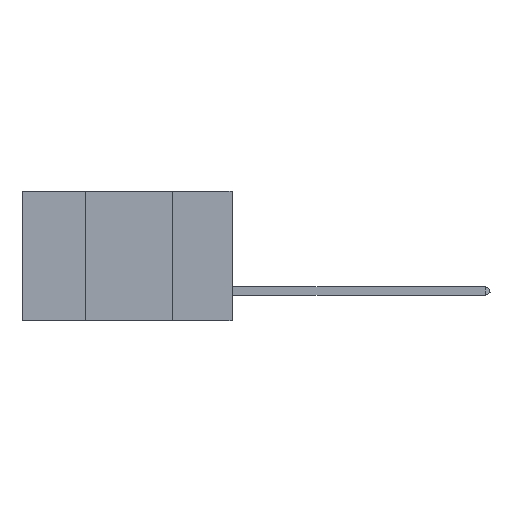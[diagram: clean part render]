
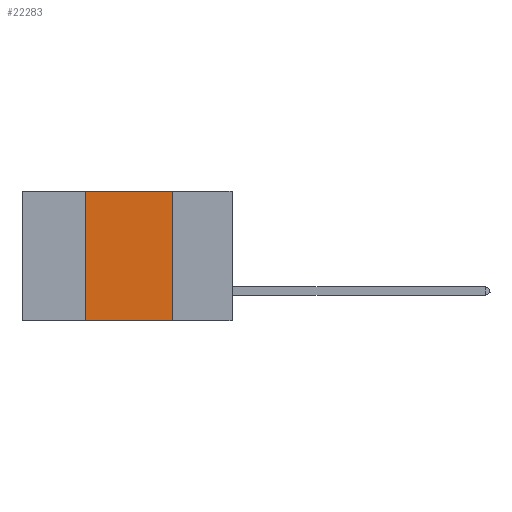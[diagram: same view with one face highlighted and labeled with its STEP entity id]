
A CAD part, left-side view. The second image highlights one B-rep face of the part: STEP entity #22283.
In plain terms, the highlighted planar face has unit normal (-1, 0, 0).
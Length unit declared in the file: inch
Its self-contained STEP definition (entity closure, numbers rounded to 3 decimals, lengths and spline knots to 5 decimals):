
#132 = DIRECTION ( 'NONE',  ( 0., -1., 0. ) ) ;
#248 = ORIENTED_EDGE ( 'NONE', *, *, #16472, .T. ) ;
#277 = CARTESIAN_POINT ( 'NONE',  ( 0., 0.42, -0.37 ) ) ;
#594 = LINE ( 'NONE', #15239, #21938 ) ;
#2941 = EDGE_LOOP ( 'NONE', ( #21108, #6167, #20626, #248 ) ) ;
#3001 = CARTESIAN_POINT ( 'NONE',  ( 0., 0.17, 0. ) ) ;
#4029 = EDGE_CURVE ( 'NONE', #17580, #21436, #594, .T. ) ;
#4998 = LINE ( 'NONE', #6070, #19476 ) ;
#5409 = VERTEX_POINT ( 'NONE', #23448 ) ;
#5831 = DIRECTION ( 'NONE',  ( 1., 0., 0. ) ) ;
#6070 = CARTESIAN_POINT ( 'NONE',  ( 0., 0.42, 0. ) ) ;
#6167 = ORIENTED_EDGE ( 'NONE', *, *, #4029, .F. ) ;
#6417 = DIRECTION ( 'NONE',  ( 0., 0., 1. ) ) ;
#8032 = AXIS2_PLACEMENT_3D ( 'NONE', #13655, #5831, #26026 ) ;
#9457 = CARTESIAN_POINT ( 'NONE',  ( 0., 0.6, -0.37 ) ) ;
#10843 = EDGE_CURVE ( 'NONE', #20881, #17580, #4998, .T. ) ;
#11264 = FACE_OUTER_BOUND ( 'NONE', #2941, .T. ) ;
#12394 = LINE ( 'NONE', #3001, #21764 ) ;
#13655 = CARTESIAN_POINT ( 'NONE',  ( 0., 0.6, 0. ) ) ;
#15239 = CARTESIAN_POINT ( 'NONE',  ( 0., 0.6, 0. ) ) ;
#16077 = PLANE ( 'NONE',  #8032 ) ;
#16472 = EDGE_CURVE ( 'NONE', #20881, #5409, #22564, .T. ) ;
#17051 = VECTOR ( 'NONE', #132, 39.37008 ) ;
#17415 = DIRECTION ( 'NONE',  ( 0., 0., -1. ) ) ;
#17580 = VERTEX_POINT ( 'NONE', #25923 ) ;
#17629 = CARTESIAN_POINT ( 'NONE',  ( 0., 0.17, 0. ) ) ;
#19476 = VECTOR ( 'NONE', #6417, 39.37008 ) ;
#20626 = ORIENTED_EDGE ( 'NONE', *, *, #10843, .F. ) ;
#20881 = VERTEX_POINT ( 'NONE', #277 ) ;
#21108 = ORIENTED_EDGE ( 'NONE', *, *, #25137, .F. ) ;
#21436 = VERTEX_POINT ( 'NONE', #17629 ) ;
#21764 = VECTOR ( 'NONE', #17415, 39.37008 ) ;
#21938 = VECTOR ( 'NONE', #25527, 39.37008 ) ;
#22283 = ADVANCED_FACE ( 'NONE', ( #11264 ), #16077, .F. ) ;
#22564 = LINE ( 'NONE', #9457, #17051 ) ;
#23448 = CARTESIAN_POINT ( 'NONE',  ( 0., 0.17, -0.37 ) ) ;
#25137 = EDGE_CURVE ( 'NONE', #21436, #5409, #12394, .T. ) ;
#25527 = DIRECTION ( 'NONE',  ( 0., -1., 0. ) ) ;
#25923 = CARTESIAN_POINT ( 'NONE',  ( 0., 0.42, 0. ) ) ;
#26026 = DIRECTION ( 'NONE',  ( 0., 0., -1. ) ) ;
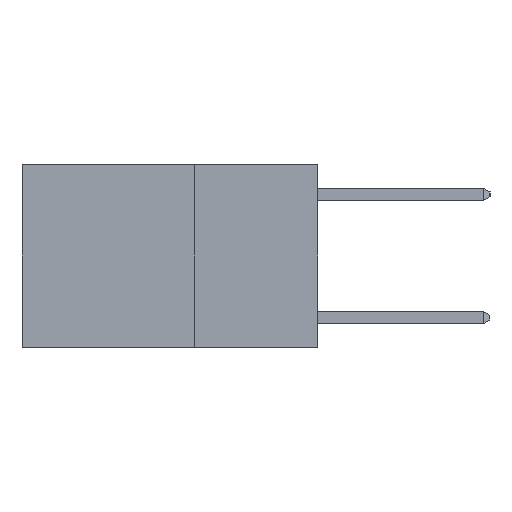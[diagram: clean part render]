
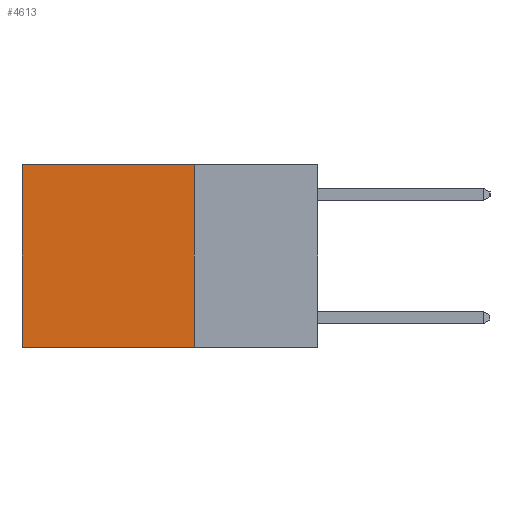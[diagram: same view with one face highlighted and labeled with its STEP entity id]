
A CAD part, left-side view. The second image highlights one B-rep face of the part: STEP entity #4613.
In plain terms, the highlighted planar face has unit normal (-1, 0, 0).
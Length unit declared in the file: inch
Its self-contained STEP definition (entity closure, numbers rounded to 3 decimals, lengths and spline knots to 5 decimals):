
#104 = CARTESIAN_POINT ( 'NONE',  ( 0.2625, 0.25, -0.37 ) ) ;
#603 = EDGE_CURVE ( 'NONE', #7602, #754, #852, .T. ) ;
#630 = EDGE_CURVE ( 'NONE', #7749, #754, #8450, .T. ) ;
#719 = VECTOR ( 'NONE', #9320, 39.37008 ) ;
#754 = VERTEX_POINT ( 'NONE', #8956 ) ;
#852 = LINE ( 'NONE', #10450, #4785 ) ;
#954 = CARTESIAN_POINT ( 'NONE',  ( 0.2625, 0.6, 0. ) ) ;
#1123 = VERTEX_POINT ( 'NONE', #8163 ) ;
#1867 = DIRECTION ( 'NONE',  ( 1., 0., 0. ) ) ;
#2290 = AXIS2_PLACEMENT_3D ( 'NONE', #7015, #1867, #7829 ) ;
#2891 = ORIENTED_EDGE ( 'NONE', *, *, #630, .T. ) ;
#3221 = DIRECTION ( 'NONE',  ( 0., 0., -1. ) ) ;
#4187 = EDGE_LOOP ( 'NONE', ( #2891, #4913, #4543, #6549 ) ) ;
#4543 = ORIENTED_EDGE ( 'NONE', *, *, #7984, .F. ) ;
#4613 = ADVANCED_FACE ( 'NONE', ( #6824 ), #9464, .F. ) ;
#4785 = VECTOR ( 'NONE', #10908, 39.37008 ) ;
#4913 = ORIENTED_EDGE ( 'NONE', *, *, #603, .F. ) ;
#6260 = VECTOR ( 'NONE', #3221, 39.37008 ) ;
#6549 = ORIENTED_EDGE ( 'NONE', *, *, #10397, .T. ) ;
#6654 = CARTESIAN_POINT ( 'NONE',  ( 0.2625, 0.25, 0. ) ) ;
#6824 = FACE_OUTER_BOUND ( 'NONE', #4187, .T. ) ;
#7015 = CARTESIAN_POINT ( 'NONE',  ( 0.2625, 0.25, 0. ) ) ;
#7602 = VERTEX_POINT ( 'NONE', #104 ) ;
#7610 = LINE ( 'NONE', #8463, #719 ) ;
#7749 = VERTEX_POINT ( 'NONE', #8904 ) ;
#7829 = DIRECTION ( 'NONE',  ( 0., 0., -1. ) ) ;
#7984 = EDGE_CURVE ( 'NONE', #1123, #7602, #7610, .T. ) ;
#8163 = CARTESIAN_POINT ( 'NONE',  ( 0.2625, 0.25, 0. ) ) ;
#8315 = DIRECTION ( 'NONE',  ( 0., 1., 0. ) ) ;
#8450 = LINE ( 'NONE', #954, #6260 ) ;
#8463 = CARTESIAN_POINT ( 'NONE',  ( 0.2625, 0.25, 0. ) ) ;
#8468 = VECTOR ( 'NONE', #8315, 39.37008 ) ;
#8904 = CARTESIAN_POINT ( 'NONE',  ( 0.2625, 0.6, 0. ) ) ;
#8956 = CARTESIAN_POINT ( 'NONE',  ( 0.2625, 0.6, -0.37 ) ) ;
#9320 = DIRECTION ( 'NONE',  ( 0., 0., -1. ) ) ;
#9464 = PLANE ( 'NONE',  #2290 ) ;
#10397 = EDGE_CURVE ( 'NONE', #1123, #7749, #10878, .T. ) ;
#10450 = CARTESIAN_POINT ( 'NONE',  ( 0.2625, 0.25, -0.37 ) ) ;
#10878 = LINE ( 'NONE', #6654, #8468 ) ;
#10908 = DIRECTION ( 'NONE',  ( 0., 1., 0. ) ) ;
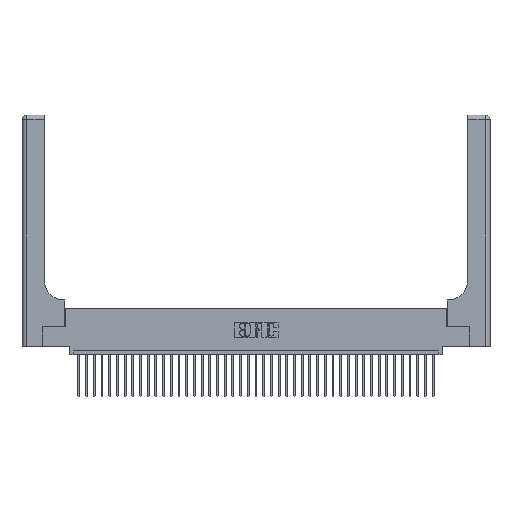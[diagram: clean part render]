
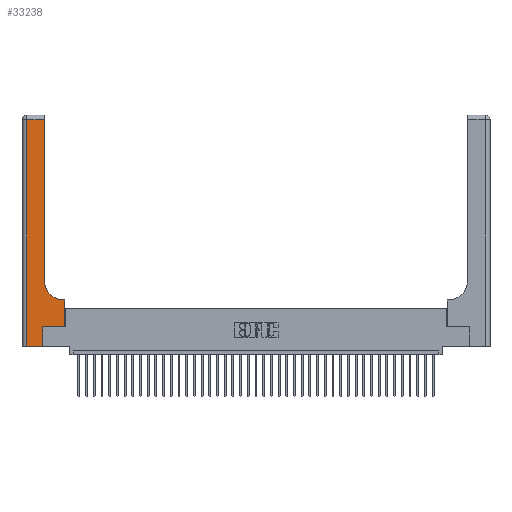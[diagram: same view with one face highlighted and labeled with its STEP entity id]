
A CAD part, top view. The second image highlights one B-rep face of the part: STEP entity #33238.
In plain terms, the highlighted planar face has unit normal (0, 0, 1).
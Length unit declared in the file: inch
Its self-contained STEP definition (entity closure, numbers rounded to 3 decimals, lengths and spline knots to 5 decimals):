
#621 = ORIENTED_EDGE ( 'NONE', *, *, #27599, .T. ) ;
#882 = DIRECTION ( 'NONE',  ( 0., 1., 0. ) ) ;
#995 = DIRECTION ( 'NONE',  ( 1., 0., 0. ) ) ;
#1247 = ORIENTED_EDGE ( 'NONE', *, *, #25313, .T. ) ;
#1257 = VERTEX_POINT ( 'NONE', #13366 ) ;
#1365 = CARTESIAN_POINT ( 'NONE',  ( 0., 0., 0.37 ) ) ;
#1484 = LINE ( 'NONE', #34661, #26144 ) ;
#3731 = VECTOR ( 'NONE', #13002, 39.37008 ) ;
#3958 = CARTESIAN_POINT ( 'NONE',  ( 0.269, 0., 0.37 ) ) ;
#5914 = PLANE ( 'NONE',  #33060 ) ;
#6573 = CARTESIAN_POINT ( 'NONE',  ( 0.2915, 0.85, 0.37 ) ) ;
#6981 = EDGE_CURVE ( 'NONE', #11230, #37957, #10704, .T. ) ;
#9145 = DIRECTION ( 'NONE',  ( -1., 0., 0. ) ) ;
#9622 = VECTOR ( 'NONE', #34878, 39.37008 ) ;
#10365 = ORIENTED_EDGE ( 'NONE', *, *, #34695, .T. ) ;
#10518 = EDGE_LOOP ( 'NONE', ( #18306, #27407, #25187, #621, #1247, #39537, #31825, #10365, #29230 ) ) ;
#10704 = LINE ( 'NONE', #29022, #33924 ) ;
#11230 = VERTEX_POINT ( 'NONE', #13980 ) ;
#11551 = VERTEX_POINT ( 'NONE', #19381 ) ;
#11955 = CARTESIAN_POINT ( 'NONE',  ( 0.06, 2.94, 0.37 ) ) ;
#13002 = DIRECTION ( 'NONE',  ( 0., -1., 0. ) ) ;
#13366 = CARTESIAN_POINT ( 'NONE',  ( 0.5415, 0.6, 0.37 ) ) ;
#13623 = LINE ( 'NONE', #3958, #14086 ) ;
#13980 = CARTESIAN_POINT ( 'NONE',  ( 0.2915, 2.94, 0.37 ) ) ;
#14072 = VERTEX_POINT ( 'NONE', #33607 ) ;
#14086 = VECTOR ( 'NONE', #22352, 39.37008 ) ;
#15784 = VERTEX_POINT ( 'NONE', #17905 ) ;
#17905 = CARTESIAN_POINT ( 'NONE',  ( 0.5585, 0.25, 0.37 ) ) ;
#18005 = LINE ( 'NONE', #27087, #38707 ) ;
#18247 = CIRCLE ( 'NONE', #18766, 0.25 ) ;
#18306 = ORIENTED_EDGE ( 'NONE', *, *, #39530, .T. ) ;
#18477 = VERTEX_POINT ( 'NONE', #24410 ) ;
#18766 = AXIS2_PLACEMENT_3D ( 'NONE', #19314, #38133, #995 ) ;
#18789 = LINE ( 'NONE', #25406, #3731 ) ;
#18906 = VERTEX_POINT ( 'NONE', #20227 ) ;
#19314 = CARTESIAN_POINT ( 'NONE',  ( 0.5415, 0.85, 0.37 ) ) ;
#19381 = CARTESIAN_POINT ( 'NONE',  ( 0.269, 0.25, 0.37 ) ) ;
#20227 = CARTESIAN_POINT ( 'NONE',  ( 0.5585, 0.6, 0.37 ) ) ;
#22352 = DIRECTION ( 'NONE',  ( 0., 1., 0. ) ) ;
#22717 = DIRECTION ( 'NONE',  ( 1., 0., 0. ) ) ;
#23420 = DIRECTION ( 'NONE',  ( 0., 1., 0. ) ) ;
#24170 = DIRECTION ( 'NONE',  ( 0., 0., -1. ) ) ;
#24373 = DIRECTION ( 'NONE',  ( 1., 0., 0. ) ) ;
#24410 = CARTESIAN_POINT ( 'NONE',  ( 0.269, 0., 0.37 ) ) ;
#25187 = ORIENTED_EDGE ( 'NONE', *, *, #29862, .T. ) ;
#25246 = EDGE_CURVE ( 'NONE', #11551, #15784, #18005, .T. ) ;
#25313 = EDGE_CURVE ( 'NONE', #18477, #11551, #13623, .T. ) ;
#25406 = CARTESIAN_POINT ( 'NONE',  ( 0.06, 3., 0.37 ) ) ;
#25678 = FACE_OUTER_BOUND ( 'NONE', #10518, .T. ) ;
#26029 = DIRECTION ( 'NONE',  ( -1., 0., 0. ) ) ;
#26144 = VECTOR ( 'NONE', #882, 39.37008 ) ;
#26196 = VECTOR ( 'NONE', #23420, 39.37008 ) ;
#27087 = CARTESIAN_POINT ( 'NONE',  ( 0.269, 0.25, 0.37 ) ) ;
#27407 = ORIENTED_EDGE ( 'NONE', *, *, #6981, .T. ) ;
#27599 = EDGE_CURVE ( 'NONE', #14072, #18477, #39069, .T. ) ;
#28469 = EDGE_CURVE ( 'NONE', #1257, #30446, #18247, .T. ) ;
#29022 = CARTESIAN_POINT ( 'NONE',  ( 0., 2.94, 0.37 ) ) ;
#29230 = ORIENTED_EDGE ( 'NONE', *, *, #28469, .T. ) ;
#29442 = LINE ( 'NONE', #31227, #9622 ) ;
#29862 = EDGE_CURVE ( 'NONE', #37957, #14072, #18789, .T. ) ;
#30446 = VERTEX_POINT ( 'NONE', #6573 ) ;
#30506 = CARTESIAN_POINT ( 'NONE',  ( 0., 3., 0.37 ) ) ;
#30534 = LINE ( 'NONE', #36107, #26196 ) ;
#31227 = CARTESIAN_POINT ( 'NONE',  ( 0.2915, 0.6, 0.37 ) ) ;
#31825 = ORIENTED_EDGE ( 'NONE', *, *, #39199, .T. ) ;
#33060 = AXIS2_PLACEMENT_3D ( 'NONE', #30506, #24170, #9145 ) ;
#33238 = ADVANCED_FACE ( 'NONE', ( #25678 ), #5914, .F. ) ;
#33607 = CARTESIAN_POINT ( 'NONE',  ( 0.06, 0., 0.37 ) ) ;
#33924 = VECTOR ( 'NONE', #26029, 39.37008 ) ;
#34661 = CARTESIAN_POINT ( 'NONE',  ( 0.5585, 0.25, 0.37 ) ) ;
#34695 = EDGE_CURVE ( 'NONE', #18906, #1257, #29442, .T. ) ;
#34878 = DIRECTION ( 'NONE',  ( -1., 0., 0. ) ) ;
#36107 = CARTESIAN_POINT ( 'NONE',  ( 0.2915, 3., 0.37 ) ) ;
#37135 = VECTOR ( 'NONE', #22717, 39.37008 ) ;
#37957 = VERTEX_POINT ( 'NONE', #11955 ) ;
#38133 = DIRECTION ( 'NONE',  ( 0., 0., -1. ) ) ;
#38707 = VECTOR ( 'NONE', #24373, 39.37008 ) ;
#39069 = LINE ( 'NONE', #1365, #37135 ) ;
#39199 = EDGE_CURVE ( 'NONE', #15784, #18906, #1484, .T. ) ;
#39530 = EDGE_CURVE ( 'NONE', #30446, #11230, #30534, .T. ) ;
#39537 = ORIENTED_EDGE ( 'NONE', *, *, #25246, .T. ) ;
########
◆ **Action item**
Here the answer is the exact run of lines above, from the line with "#37957 = VERTEX_POINT ( 'NONE', #11955 ) ;" down to the last, and nothing else.

◆ **Your solution**
#37957 = VERTEX_POINT ( 'NONE', #11955 ) ;
#38133 = DIRECTION ( 'NONE',  ( 0., 0., -1. ) ) ;
#38707 = VECTOR ( 'NONE', #24373, 39.37008 ) ;
#39069 = LINE ( 'NONE', #1365, #37135 ) ;
#39199 = EDGE_CURVE ( 'NONE', #15784, #18906, #1484, .T. ) ;
#39530 = EDGE_CURVE ( 'NONE', #30446, #11230, #30534, .T. ) ;
#39537 = ORIENTED_EDGE ( 'NONE', *, *, #25246, .T. ) ;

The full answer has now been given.